The serum and CSF samples of each patient were sent to KingMed Center for Clinical Laboratory, Jinan, China, or Dian Medical Laboratory, Hangzhou, China, for the antibodies against the LGI1 and other Autoimmune Encephalitis (AE)-related antibodies. All samples were analyzed by indirect immunofluorescence assay using transfected cells (cell-based assay, CBA) method.

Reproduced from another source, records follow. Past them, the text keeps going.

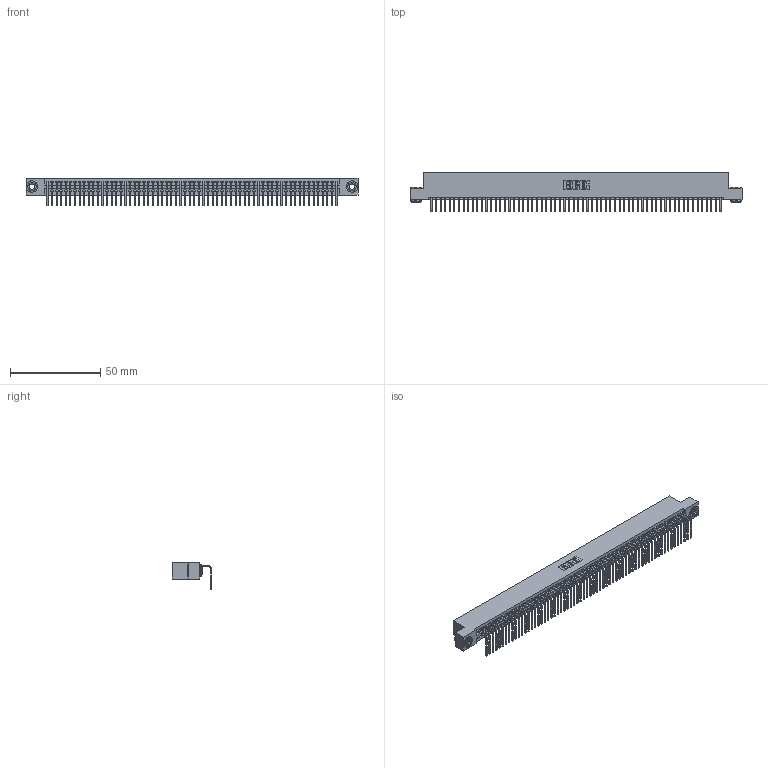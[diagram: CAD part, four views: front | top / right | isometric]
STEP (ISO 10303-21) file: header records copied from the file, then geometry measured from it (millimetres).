
FILE_DESCRIPTION (( 'STEP AP203' ), '1' );
FILE_NAME ('345-064-558-103.STEP', '2019-10-10T21:50:06', ( '' ), ( '' ), 'SwSTEP 2.0', 'SolidWorks 2016', '' );
FILE_SCHEMA (( 'CONFIG_CONTROL_DESIGN' ));
Length unit declared in the file: inch
Products named in the file (4): 345-292-001_558 Tail - 2; 345-250-002_345-250-002-102; 345-064-558-103; 345 Part_Flush Mounting Lugs - 0.156 Dia-TH
Assembly tree (67 placements, depth 2):
  345-064-558-103
    345 Part_Flush Mounting Lugs - 0.156 Dia-TH
    345-292-001_558 Tail - 2  x64
    345-250-002_345-250-002-102  x2
Bounding box: 183.77 x 21.83 x 15.37 mm (x, y, z)
Volume: 17867.4 mm3; surface area: 25510.6 mm2
Topology: 67 solids, 67 shells, 4004 faces, 12065 edges, 7954 vertices
Faces by surface type: plane 2778, cylinder 1218, cone 8
Entity records: 45940 total; most frequent: CARTESIAN_POINT 7935, ORIENTED_EDGE 7926, DIRECTION 6929, EDGE_CURVE 3963, LINE 3551, VECTOR 3551, VERTEX_POINT 2638, AXIS2_PLACEMENT_3D 1689

We summarized the symptoms, such as seizures, behavior changes, speech disturbance, sleep disturbance, dyskinesia, movement disorders, consciousness disturbance, memory deficit, and autonomic instability. Clinical data including age, gender, symptoms, CSF analysis, brain magnetic resonance imaging (MRI), electroencephalography (EEG), treatment, and follow-up were collected. Symptomatic treatment included different antiseizure medications (ASMs). First-line immunotherapy included intravenous immunoglobulins (IVIG) or intravenous methylprednisolone (IVMP), or a combination of these. Rituximab or other immunosuppressive drug treatment was defined as second-line immunotherapy. All patients were followed for at least 4 months.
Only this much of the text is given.